Exercise materials section start

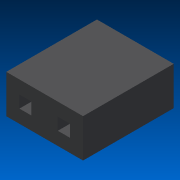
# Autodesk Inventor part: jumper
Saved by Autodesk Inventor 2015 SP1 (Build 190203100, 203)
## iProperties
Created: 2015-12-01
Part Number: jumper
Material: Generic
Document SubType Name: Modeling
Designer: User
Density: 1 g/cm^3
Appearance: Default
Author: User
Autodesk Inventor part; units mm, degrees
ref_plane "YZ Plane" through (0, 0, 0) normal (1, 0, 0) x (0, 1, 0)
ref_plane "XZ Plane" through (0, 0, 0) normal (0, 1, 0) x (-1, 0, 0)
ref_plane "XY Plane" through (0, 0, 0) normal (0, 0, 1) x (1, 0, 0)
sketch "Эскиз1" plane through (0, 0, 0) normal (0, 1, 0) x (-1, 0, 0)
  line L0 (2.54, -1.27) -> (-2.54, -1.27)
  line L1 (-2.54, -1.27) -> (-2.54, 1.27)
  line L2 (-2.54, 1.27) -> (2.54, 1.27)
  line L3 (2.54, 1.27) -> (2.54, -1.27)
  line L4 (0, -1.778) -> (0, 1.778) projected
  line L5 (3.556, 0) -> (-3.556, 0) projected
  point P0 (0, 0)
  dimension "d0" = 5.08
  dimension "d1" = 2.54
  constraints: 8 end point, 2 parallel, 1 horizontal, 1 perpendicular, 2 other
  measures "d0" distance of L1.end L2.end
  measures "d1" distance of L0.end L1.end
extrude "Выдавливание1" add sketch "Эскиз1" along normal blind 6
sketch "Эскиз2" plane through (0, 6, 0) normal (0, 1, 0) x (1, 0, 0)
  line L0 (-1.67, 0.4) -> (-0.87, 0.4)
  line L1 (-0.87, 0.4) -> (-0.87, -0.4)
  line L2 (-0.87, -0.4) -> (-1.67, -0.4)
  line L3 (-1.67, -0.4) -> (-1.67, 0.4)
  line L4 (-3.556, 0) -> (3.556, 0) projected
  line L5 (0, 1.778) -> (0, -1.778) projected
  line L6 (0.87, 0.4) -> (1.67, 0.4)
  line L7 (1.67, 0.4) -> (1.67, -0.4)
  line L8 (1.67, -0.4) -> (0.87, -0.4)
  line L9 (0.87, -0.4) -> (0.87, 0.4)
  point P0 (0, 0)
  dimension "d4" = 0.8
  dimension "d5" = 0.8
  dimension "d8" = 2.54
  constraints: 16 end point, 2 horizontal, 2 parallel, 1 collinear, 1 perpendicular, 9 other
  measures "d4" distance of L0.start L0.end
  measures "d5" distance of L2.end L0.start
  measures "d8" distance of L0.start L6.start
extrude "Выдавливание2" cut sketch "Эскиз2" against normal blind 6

Exercise materials section end

### Task
Check each line of the entries above, and show every one holding the word "dimension".

### Expected answer
  dimension "d0" = 5.08
  dimension "d1" = 2.54
  dimension "d4" = 0.8
  dimension "d5" = 0.8
  dimension "d8" = 2.54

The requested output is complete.